TASK STATEMENT:
Go through the entries below and count the lines holding the word "pattern". Reply with only the number, please.

Collected data entries:
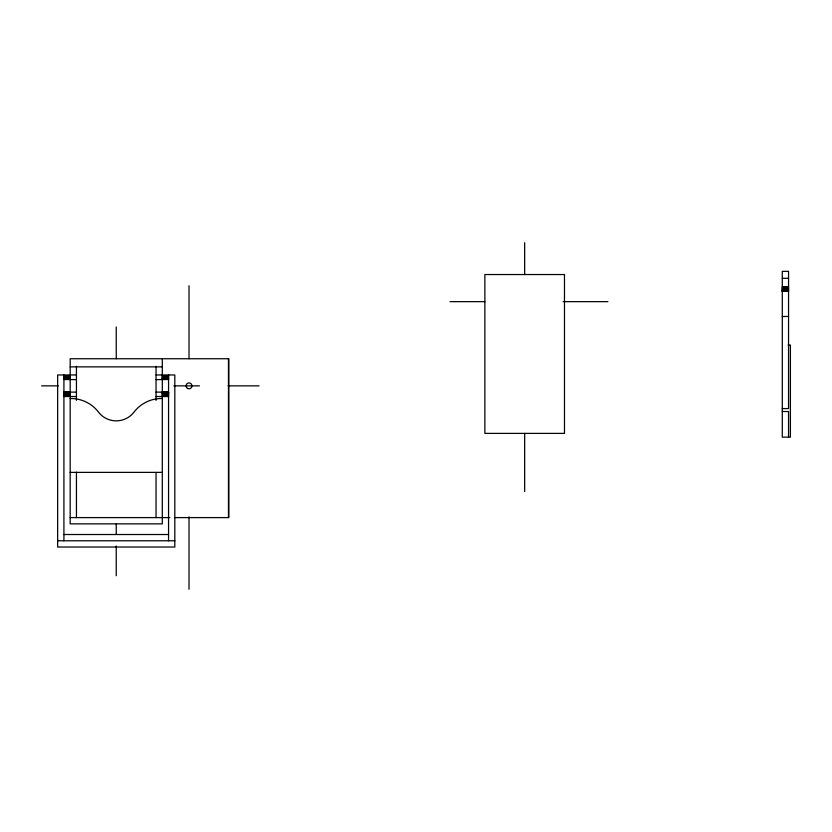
<?xml version="1.0" encoding="UTF-8"?>
<svg xmlns="http://www.w3.org/2000/svg" width="832" height="832" viewBox="0 0 832 832"><rect width="100%" height="100%" fill="white"/><g stroke="black" fill="none" stroke-linecap="round" stroke-linejoin="round"><path stroke-width="1.25" d="M782.288 278.304L788.549 278.304M782.288 286.697L788.549 286.697M782.288 287.342L788.549 287.342M782.288 287.955L788.549 287.955M782.288 288.517L788.549 288.517M782.288 289.037L788.549 289.037M782.288 289.515L788.549 289.515M782.288 289.931L788.549 289.931M782.288 290.306L788.549 290.306M782.288 290.628L788.549 290.628M782.288 290.888L788.549 290.888M782.288 291.242L788.549 291.096M782.288 291.335L788.549 291.418M450.029 301.652L484.869 301.652M563.087 301.652L607.911 301.652M782.288 316.462L788.549 316.462M788.081 345.03L790.4 345.03L790.4 437.154L782.288 437.154L782.288 271.346L788.549 271.346L788.549 408.585L782.288 408.585M70.179 366.86L162.302 366.86M76.44 374.962L57.658 374.962L57.658 547.03L174.824 547.03L174.824 374.962L156.042 374.962M63.918 375.617L70.179 375.617M162.302 375.617L168.563 375.617M63.918 376.22L70.179 376.22M162.302 376.22L168.563 376.22M63.918 376.782L70.179 376.782M162.302 376.782L168.563 376.782M63.918 377.302L70.179 377.302M162.302 377.302L168.563 377.302M63.918 377.78L70.179 377.78M162.302 377.78L168.563 377.78M63.918 378.206L70.179 378.206M162.302 378.206L168.563 378.206M63.918 378.57L70.179 378.57M162.302 378.57L168.563 378.57M63.918 378.893L70.179 378.893M162.302 378.893L168.563 378.893M63.918 379.153L70.179 379.153M162.302 379.153L168.563 379.153M63.918 379.361L70.179 379.361M162.302 379.361L168.563 379.361M63.918 379.517L76.44 379.6M156.042 379.6L168.563 379.517M41.6 385.861L58.375 385.861M173.867 385.861L199.482 385.861M228.082 385.861L259.064 385.861M63.918 392.122L76.44 392.122M156.042 392.122L168.563 392.122M63.918 392.215L70.179 392.215M162.302 392.215L168.563 392.215M63.918 392.371L70.179 392.371M162.302 392.371L168.563 392.371M63.918 392.569L70.179 392.569M162.302 392.569L168.563 392.569M63.918 392.818L70.179 392.818M162.302 392.818L168.563 392.818M63.918 393.12L70.179 393.12M162.302 393.12L168.563 393.12M63.918 393.474L70.179 393.474M162.302 393.474L168.563 393.474M63.918 393.869L70.179 393.869M162.302 393.869L168.563 393.869M63.918 394.316L70.179 394.316M162.302 394.316L168.563 394.316M63.918 394.805L70.179 394.805M162.302 394.805L168.563 394.805M63.918 395.335L70.179 395.335M162.302 395.335L168.563 395.335M63.918 395.907L70.179 395.907M162.302 395.907L168.563 395.907M63.918 396.51L76.44 396.51M156.042 396.51L168.563 396.51M782.288 411.528L788.549 411.528L788.549 437.154M70.179 472.378L162.302 472.378M70.179 517.598L169.749 517.598M174.543 517.598L228.81 517.598L228.81 358.748L70.179 358.748L70.179 523.858L162.302 523.858L162.302 358.748M63.918 534.518L168.563 534.518M57.658 540.779L174.824 540.779M524.67 242.746L524.67 274.539M524.67 433.389L524.67 491.514M228.467 358.748L228.467 517.598M189.01 285.761L189.01 358.748M189.01 516.838L189.01 589.254M168.563 374.962L168.563 540.779M156.042 366.236L156.042 400.379M156.042 472.399L156.042 517.598M116.241 326.955L116.241 358.748M116.241 524.056L116.241 534.394M116.241 546.01L116.241 575.723M76.44 366.236L76.44 400.379M76.44 472.16L76.44 517.598M63.918 374.962L63.918 540.779M70.179 398.507A34.819 34.819 0 0 1 98.498 412.121A22.37 22.37 0 0 0 133.983 412.121A34.819 34.819 0 0 1 162.302 398.507M564.481 274.539L484.869 274.539L484.869 433.389L564.481 433.389L564.481 274.539M187.543 388.409A2.933 2.933 0 0 0 191.942 385.861A2.933 2.933 0 0 0 187.543 383.323A2.933 2.933 0 0 0 187.543 388.409"/></g></svg>
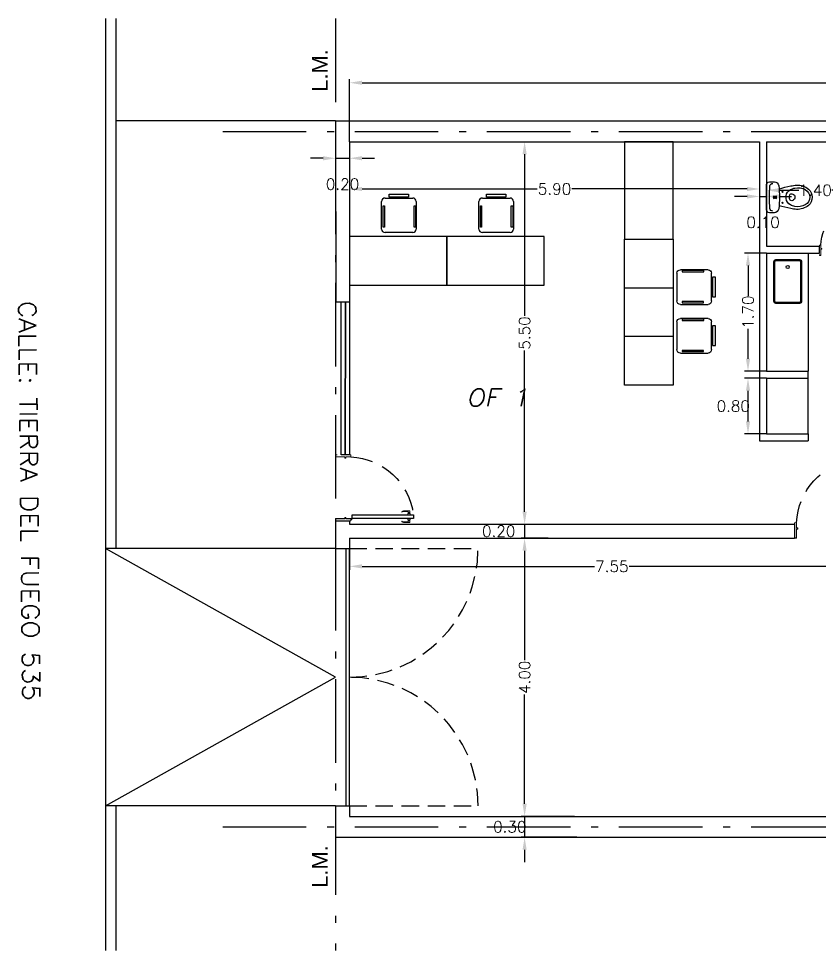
# Model space of a CAD drawing. Header units: millimetres. Extents: x 2379.5 to 2424.9, y 1754.3 to 1790.2.
# Drawn here: x 2379.51 to 2391.03, y 1776.83 to 1790.23 of the extents above; entities that cross this region are included whole.
import ezdxf

# ---------------------------------------------------------------- set-up
doc = ezdxf.new("R2010")
doc.units = ezdxf.units.MM
doc.linetypes.add('ACAD_ISO10W100', pattern=[18, 12, -3, 0, -3])
doc.linetypes.add('HIDDEN', pattern=[0.375, 0.25, -0.125])
for name, color, linetype in [('00-MURO', 1, 'Continuous'), ('00-TEXTOS', 1, 'Continuous'), ('01-COTAS', 2, 'Continuous'), ('02-TXT GENERALES', 3, 'Continuous'), ('03-PROYECCIONES', 252, 'HIDDEN'), ('04-CARPINTERIAS', 3, 'Continuous'), ('1-PB-SANT-ARTF', 252, 'Continuous'), ('EJE MEDIANEROS', 6, 'ACAD_ISO10W100'), ('Mobiliario', 251, 'Continuous'), ('Referencias - Matafuegos', 7, 'Continuous'), ('sanitarios', 252, 'Continuous')]:
    doc.layers.add(name, color=color, linetype=linetype)
doc.layers.add('OCASA_TODAS_r08$0$CARP-HERRAJES', color=9, linetype='Continuous', lineweight=15)
doc.layers.add('OCASA_TODAS_r08$0$CARP-MARCO', color=3, linetype='Continuous', lineweight=20)
doc.styles.add('COTA', font='romans.shx', dxfattribs={"height": 0.16})
doc.styles.add('ROMANS3', font='romans.shx', dxfattribs={"width": 1.15, "oblique": 12, "height": 0.25})
doc.styles.add('Tam', font='arial.ttf', dxfattribs={"height": 0.05})
doc.dimstyles.new('TOTI', dxfattribs={"dimscale": 0, "dimtxt": 0.16, "dimasz": 0.18, "dimexe": 0.05, "dimexo": 0, "dimgap": 0.005, "dimtad": 0, "dimtoh": 1, "dimzin": 0, "dimdsep": 46, "dimtxsty": 'COTA', "dimcen": 0.09, "dimclrd": 251, "dimclre": 251, "dimclrt": 3, "dimaunit": 1, "dimadec": 0, "dimazin": 0, "dimtfac": 1, "dimtmove": 2, "dimatfit": 2, "dimfxl": 1, "dimtolj": 1, "dimtzin": 0, "dimarcsym": 0})

# ---------------------------------------------------------------- blocks, each defined once
blk = doc.blocks.new('OCASA_TODAS_r08$0$P14 14')
at = {"extrusion": (1.67932e-05, 6.2673e-05, 1), "elevation": -0.002}
blk.add_lwpolyline([(-21.205, -23.509), (-21.205, -24.205), (-21.16, -24.205), (-21.16, -23.509)], close=True, dxfattribs=at)
at = {"layer": '03-PROYECCIONES'}
blk.add_arc((-21.114, -23.463, 0), 0.747, 182.3838, 263.0159, dxfattribs=at)
at = {"layer": 'OCASA_TODAS_r08$0$CARP-HERRAJES', "extrusion": (1.67932e-05, 6.2673e-05, 1)}
for p, q in [((-21.248, -24.146, 0), (-21.248, -24.094, 0)), ((-21.117, -24.146, 0), (-21.117, -24.094, 0)), ((-21.248, -24.146, 0), (-21.247, -24.164, 0)), ((-21.23, -24.164, 0), (-21.245, -24.165, 0)), ((-21.23, -24.147, 0), (-21.218, -24.146, 0)), ((-21.23, -24.164, 0), (-21.23, -24.147, 0)), ((-21.23, -24.164, 0), (-21.218, -24.165, 0)), ((-21.218, -24.167, 0), (-21.218, -24.144, 0)), ((-21.217, -24.142, 0), (-21.205, -24.142, 0)), ((-21.217, -24.169, 0), (-21.205, -24.169, 0)), ((-21.205, -24.169, 0), (-21.205, -24.142, 0)), ((-21.148, -24.142, 0), (-21.16, -24.142, 0)), ((-21.16, -24.169, 0), (-21.16, -24.142, 0)), ((-21.148, -24.169, 0), (-21.16, -24.169, 0)), ((-21.147, -24.167, 0), (-21.147, -24.144, 0)), ((-21.135, -24.147, 0), (-21.147, -24.146, 0)), ((-21.135, -24.164, 0), (-21.147, -24.165, 0)), ((-21.135, -24.164, 0), (-21.135, -24.147, 0)), ((-21.134, -24.164, 0), (-21.12, -24.165, 0)), ((-21.117, -24.146, 0), (-21.118, -24.164, 0))]:
    blk.add_line(p, q, dxfattribs=at)
at = {"layer": 'OCASA_TODAS_r08$0$CARP-HERRAJES', "extrusion": (1.67932e-05, 6.2673e-05, 1), "elevation": -0.002}
for points in [[(-21.242, -24.136), (-21.242, -24.094)], [(-21.123, -24.136), (-21.123, -24.094)]]:
    blk.add_lwpolyline(points, dxfattribs=at)
at = {"layer": 'OCASA_TODAS_r08$0$CARP-HERRAJES', "extrusion": (1.67932e-05, 6.2673e-05, 1)}
for centre, radius, start, end in [((-21.217, -24.094, -0.002), 0.0313, 137.3896, 178.2502), ((-21.217, -24.095, -0.002), 0.0256, 137.4155, 177.483), ((-21.237, -24.075, -0.002), 0.00287, 313.8484, 140.9826), ((-21.127, -24.075, -0.002), 0.00287, 39.0173, 226.1516), ((-21.148, -24.095, -0.002), 0.0256, 2.517, 42.5845), ((-21.148, -24.094, -0.002), 0.0313, 1.7498, 42.6104), ((-21.246, -24.164, -0.002), 0.0014, 182.1859, 287.2379), ((-21.231, -24.136, -0.002), 0.0112, 180.8228, 272.6712), ((-21.217, -24.144, -0.002), 0.0014, 90, 180), ((-21.217, -24.167, -0.002), 0.0014, 180, 270), ((-21.148, -24.144, -0.002), 0.0014, 360, 90), ((-21.148, -24.167, -0.002), 0.0014, 270, 360), ((-21.134, -24.136, -0.002), 0.0112, 267.3288, 359.1772), ((-21.119, -24.164, -0.002), 0.0014, 252.7621, 357.8141)]:
    blk.add_arc(centre, radius, start, end, dxfattribs=at)
at = {"layer": 'OCASA_TODAS_r08$0$CARP-MARCO'}
for p, q in [((-21.86, -23.321, 0), (-21.885, -23.321, 0)), ((-21.885, -23.321, 0), (-21.885, -23.336, 0)), ((-21.885, -23.321, 0), (-21.885, -23.338, 0)), ((-21.884, -23.338, 0), (-21.885, -23.338, 0)), ((-21.862, -23.323, 0), (-21.884, -23.323, 0)), ((-21.884, -23.323, 0), (-21.884, -23.336, 0)), ((-21.884, -23.323, 0), (-21.884, -23.338, 0)), ((-21.862, -23.426, 0), (-21.862, -23.323, 0)), ((-21.86, -23.424, 0), (-21.86, -23.321, 0)), ((-21.16, -23.424, 0), (-21.16, -23.321, 0)), ((-21.16, -23.321, 0), (-21.135, -23.321, 0)), ((-21.159, -23.426, 0), (-21.159, -23.323, 0)), ((-21.159, -23.323, 0), (-21.137, -23.323, 0)), ((-21.137, -23.323, 0), (-21.137, -23.336, 0)), ((-21.137, -23.323, 0), (-21.137, -23.338, 0)), ((-21.137, -23.338, 0), (-21.135, -23.338, 0)), ((-21.135, -23.321, 0), (-21.135, -23.336, 0)), ((-21.135, -23.321, 0), (-21.135, -23.338, 0)), ((-21.885, -23.494, 0), (-21.885, -23.478, 0)), ((-21.884, -23.478, 0), (-21.885, -23.478, 0)), ((-21.885, -23.494, 0), (-21.885, -23.479, 0)), ((-21.884, -23.493, 0), (-21.884, -23.478, 0)), ((-21.884, -23.493, 0), (-21.884, -23.479, 0)), ((-21.847, -23.426, 0), (-21.862, -23.426, 0)), ((-21.862, -23.493, 0), (-21.862, -23.438, 0)), ((-21.862, -23.438, 0), (-21.847, -23.438, 0)), ((-21.845, -23.424, 0), (-21.86, -23.424, 0)), ((-21.86, -23.494, 0), (-21.86, -23.439, 0)), ((-21.86, -23.439, 0), (-21.845, -23.439, 0)), ((-21.847, -23.438, 0), (-21.847, -23.426, 0)), ((-21.845, -23.439, 0), (-21.845, -23.424, 0)), ((-21.175, -23.439, 0), (-21.175, -23.424, 0)), ((-21.175, -23.424, 0), (-21.16, -23.424, 0)), ((-21.16, -23.439, 0), (-21.175, -23.439, 0)), ((-21.174, -23.438, 0), (-21.174, -23.426, 0)), ((-21.174, -23.426, 0), (-21.159, -23.426, 0)), ((-21.159, -23.438, 0), (-21.174, -23.438, 0)), ((-21.16, -23.494, 0), (-21.16, -23.439, 0)), ((-21.159, -23.493, 0), (-21.159, -23.438, 0)), ((-21.137, -23.493, 0), (-21.137, -23.478, 0)), ((-21.137, -23.478, 0), (-21.135, -23.478, 0)), ((-21.137, -23.493, 0), (-21.137, -23.479, 0)), ((-21.135, -23.494, 0), (-21.135, -23.478, 0)), ((-21.135, -23.494, 0), (-21.135, -23.479, 0)), ((-21.885, -23.494, 0), (-21.86, -23.494, 0)), ((-21.884, -23.493, 0), (-21.862, -23.493, 0)), ((-21.135, -23.494, 0), (-21.16, -23.494, 0)), ((-21.137, -23.493, 0), (-21.159, -23.493, 0))]:
    blk.add_line(p, q, dxfattribs=at)
blk.add_circle((-21.154, -23.501, 0), 0.006, dxfattribs=at)
blk = doc.blocks.new('A$C347B20F1')
at = {"elevation": 0}
for points in [[(175, 166, -0.029649), (185, 0, -0.029649), (175, -166, -0.379899), (112, -223), (40, -223, -0.414214), (0, -183), (0, 0), (0, 182, -0.414214), (40, 222), (112, 222, -0.379899)], [(281, -20, -0.027242), (280, 0, -0.027242), (281, 20, -0.250976), (343, 110, -0.068976), (407, 133, -0.179639), (556, 110, -0.272087), (621, 0, -0.272087), (556, -110, -0.179639), (407, -133, -0.068976), (343, -110, -0.250976)], [(333, 34, -0.283637), (348, 49, -1.233806), (348, -49, -0.283637), (333, -34, -0.129065)]]:
    blk.add_lwpolyline(points, format="xyb", close=True, dxfattribs=at)
for points in [[(89, -200, -0.382504), (49, -164, -0.027373), (40, 0, -0.027373), (49, 164, -0.382504), (89, 199, -0.382504)], [(180, 122, -0.017322), (348, 163, -0.034533), (430, 175, -0.180901), (603, 118, -0.210568), (655, 0, -0.210568), (603, -118, -0.180901), (430, -175, -0.034533), (348, -163, -0.017322), (180, -122, -0.017322)]]:
    blk.add_lwpolyline(points, format="xyb")
for centre, radius in [((120, -3, 0), 15), ((122, 0, 0), 13.5), ((122, 0, 0), 13.5), ((230, 80, 0), 7.5), ((230, -80, 0), 7.5)]:
    blk.add_circle(centre, radius)
for centre, radius, start, end in [((120, -3, 0), 25, 120, 240), ((120, -3, 0), 25, 300, 60), ((230, 80, 0), 7.5, 102.4002, 257.5998), ((230, -80, 0), 7.5, 102.4002, 257.5998)]:
    blk.add_arc(centre, radius, start, end)
blk = doc.blocks.new('IRI-OCASA-Layout R 9$0$OCA_SILLA')
at = {"linetype": 'Continuous'}
for p, q in [((0.055, 0.05), (0.055, 0.448)), ((0.105, 0.498), (0.502, 0.498)), ((0.552, 0.448), (0.552, 0.05)), ((0.502, 0), (0.105, 0))]:
    blk.add_line(p, q, dxfattribs=at)
for points in [[(0.165, 0.466), (0.165, 0.488), (0.475, 0.488), (0.475, 0.466)], [(0, 0.109), (0, 0.389), (0.043, 0.389), (0.043, 0.109)], [(0.168, 0.021), (0.168, 0.039), (0.475, 0.039), (0.475, 0.021)]]:
    blk.add_lwpolyline(points, close=True, dxfattribs=at)
for centre, start, end in [((0.105, 0.448), 90, 180), ((0.502, 0.448), 0, 90), ((0.105, 0.05), 180, 270), ((0.502, 0.05), 270, 0)]:
    blk.add_arc(centre, 0.05, start, end, dxfattribs=at)
blk = doc.blocks.new('Escritorio_1.40x0.70')
at = {"layer": 'Mobiliario'}
blk.add_lwpolyline([(0, 0), (-0.7, 0), (-0.7, -1.4), (0, -1.4)], close=True, dxfattribs=at)
at = {"layer": 'Mobiliario', "rotation": 180}
blk.add_blockref('IRI-OCASA-Layout R 9$0$OCA_SILLA', (0.606, -0.462), dxfattribs=at)
blk = doc.blocks.new('*D45')
at = {"layer": '01-COTAS', "color": 251, "lineweight": -2, "transparency": 16777216}
for p, q in [((2384.074, 1788.264), (2384.074, 1788.169)), ((2384.274, 1788.264), (2384.274, 1788.169)), ((2383.894, 1788.219), (2383.714, 1788.219)), ((2384.074, 1788.219), (2384.274, 1788.219)), ((2384.454, 1788.219), (2384.634, 1788.219))]:
    blk.add_line(p, q, dxfattribs=at)
at = {"layer": '01-COTAS', "color": 251, "transparency": 16777216}
for points in [[(2383.894, 1788.249), (2383.894, 1788.189), (2384.074, 1788.219)], [(2384.454, 1788.249), (2384.454, 1788.189), (2384.274, 1788.219)]]:
    blk.add_solid(points, dxfattribs=at)
at = {"layer": 'Defpoints', "color": 0, "transparency": 16777216}
for p in [(2384.074, 1788.264), (2384.274, 1788.264), (2384.274, 1788.219)]:
    blk.add_point(p, dxfattribs=at)
at = {"layer": '01-COTAS', "color": 3, "transparency": 16777216, "insert": (2384.174, 1787.847), "char_height": 0.16, "attachment_point": 5, "style": 'COTA'}
blk.add_mtext('\\A1;0.20', dxfattribs=at)
blk = doc.blocks.new('*D46')
at = {"layer": '01-COTAS', "color": 251, "lineweight": -2, "transparency": 16777216}
for p, q in [((2384.274, 1788.128), (2384.274, 1787.727)), ((2384.454, 1787.777), (2386.975, 1787.777)), ((2389.994, 1787.777), (2387.473, 1787.777)), ((2390.174, 1787.801), (2390.174, 1787.727))]:
    blk.add_line(p, q, dxfattribs=at)
at = {"layer": '01-COTAS', "color": 251, "transparency": 16777216}
for points in [[(2384.454, 1787.807), (2384.454, 1787.747), (2384.274, 1787.777)], [(2389.994, 1787.807), (2389.994, 1787.747), (2390.174, 1787.777)]]:
    blk.add_solid(points, dxfattribs=at)
at = {"layer": 'Defpoints', "color": 0, "transparency": 16777216}
for p in [(2384.274, 1788.128), (2390.174, 1787.801), (2390.174, 1787.777)]:
    blk.add_point(p, dxfattribs=at)
at = {"layer": '01-COTAS', "color": 3, "transparency": 16777216, "insert": (2387.224, 1787.777), "char_height": 0.16, "attachment_point": 5, "style": 'COTA'}
blk.add_mtext('\\A1;5.90', dxfattribs=at)
blk = doc.blocks.new('*D47')
at = {"layer": '01-COTAS', "color": 251, "lineweight": -2, "transparency": 16777216}
for p, q in [((2390.174, 1787.801), (2390.174, 1787.62)), ((2390.274, 1787.688), (2390.274, 1787.62)), ((2389.994, 1787.67), (2389.814, 1787.67)), ((2390.174, 1787.67), (2390.274, 1787.67)), ((2390.454, 1787.67), (2390.634, 1787.67))]:
    blk.add_line(p, q, dxfattribs=at)
at = {"layer": '01-COTAS', "color": 251, "transparency": 16777216}
for points in [[(2389.994, 1787.7), (2389.994, 1787.64), (2390.174, 1787.67)], [(2390.454, 1787.7), (2390.454, 1787.64), (2390.274, 1787.67)]]:
    blk.add_solid(points, dxfattribs=at)
at = {"layer": 'Defpoints', "color": 0, "transparency": 16777216}
for p in [(2390.174, 1787.801), (2390.274, 1787.688), (2390.274, 1787.67)]:
    blk.add_point(p, dxfattribs=at)
at = {"layer": '01-COTAS', "color": 3, "transparency": 16777216, "insert": (2390.224, 1787.298), "char_height": 0.16, "attachment_point": 5, "style": 'COTA'}
blk.add_mtext('\\A1;0.10', dxfattribs=at)
blk = doc.blocks.new('*D48')
at = {"layer": '01-COTAS', "color": 251, "lineweight": -2, "transparency": 16777216}
for p, q in [((2390.274, 1787.688), (2390.274, 1787.809)), ((2390.454, 1787.759), (2390.736, 1787.759)), ((2391.494, 1787.759), (2391.211, 1787.759)), ((2391.674, 1787.759), (2391.674, 1787.709))]:
    blk.add_line(p, q, dxfattribs=at)
at = {"layer": '01-COTAS', "color": 251, "transparency": 16777216}
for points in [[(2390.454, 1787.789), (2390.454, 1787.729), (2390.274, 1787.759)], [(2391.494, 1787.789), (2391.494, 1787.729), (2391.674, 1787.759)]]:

ANSWER SPACE:
2